— What needs to be done —
Extract only the lines from the start of the entries below to the line with "line L3 (-19.5, -19.5) -> (19.5, -19.5)", inclusive; omit every picture.

[Data items]
※
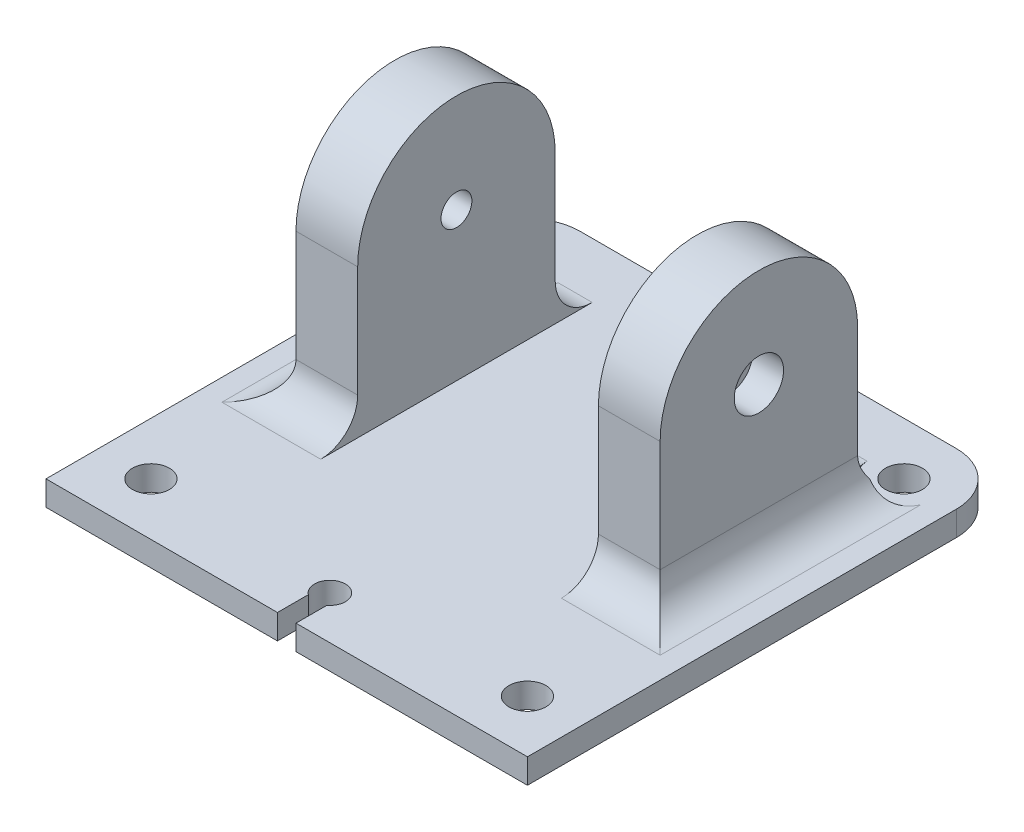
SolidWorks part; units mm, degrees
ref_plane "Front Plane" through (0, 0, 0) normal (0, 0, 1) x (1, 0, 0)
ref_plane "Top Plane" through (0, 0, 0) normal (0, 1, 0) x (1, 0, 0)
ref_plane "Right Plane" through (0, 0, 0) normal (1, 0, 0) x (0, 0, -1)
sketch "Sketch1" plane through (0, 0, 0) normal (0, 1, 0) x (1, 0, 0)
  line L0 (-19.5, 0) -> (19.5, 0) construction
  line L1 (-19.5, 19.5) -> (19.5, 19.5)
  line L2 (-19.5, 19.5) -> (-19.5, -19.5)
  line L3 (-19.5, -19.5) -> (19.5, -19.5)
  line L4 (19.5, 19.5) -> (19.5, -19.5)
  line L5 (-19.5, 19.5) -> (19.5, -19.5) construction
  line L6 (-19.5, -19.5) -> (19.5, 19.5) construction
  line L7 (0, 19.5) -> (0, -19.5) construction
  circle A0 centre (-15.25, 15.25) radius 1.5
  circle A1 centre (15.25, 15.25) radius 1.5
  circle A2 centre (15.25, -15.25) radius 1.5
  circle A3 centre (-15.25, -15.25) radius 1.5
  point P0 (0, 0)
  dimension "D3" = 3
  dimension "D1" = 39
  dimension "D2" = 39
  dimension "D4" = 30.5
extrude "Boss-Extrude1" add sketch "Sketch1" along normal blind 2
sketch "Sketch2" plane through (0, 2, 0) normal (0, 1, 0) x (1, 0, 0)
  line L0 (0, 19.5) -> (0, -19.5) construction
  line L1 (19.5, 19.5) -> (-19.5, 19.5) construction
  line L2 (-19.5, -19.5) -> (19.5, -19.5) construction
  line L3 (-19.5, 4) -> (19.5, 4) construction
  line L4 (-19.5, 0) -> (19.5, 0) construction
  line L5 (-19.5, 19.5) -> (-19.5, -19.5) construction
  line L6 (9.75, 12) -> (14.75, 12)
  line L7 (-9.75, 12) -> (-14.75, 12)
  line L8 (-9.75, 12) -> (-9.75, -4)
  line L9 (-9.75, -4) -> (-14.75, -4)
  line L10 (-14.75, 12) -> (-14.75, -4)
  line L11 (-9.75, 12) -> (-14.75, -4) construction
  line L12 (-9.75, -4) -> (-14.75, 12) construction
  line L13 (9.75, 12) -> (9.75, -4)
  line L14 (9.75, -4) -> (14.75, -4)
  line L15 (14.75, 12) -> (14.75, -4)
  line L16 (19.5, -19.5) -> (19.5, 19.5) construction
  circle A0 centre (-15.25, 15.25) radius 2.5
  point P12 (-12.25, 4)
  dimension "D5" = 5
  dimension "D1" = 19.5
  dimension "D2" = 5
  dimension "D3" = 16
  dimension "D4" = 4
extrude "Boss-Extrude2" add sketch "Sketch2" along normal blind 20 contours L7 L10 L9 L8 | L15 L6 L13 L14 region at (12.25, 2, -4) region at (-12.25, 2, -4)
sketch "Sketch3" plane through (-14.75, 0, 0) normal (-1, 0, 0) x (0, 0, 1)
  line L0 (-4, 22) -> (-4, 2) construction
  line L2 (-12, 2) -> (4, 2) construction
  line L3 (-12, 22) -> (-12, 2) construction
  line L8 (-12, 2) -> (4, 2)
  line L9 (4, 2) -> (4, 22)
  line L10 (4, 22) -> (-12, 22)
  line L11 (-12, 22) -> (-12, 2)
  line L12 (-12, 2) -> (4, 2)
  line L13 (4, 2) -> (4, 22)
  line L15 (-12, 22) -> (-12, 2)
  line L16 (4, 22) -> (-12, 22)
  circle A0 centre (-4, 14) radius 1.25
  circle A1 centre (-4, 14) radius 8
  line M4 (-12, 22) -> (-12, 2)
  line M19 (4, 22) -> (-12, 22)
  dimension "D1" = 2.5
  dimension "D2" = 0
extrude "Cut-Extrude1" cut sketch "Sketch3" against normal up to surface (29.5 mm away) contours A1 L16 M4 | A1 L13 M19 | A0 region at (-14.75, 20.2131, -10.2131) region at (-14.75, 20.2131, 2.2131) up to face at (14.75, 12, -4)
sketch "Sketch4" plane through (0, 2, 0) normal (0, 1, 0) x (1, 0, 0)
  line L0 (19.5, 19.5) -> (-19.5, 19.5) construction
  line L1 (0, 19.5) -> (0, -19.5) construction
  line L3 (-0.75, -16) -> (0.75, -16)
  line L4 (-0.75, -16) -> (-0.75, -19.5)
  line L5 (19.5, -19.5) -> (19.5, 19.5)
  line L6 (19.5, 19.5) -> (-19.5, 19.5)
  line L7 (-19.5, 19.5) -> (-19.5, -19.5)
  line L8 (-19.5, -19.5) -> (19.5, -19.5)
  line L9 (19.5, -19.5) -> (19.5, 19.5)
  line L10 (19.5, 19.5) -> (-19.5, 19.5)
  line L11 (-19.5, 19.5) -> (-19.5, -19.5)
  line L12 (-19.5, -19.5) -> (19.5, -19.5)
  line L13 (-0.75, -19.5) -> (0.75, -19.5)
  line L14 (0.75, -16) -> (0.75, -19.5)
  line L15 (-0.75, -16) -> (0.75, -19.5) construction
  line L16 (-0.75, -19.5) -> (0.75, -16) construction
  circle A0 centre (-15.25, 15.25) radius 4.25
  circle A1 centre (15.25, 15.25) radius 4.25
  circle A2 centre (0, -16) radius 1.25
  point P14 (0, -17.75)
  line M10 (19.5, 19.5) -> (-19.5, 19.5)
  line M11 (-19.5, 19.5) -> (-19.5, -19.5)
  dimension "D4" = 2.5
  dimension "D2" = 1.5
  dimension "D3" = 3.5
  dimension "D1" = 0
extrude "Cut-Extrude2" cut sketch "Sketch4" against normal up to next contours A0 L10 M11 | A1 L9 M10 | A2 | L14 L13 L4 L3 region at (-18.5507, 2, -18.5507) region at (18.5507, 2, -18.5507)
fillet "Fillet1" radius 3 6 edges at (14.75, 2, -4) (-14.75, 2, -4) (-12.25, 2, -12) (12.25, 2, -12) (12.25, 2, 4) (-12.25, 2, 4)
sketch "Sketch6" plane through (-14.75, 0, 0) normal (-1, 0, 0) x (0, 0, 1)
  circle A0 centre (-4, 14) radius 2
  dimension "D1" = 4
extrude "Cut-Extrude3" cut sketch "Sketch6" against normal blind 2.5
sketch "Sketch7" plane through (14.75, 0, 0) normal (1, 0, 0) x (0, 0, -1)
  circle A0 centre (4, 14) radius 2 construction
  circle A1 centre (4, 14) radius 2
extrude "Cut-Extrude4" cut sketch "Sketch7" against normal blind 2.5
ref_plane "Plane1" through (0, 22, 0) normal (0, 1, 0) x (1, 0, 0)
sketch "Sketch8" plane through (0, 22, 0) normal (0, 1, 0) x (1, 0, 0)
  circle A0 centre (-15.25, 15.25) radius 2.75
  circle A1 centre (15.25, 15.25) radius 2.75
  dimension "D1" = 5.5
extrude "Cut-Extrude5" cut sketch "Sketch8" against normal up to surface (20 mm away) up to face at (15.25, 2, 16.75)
※
— Answer box —
SolidWorks part; units mm, degrees
ref_plane "Front Plane" through (0, 0, 0) normal (0, 0, 1) x (1, 0, 0)
ref_plane "Top Plane" through (0, 0, 0) normal (0, 1, 0) x (1, 0, 0)
ref_plane "Right Plane" through (0, 0, 0) normal (1, 0, 0) x (0, 0, -1)
sketch "Sketch1" plane through (0, 0, 0) normal (0, 1, 0) x (1, 0, 0)
  line L0 (-19.5, 0) -> (19.5, 0) construction
  line L1 (-19.5, 19.5) -> (19.5, 19.5)
  line L2 (-19.5, 19.5) -> (-19.5, -19.5)
  line L3 (-19.5, -19.5) -> (19.5, -19.5)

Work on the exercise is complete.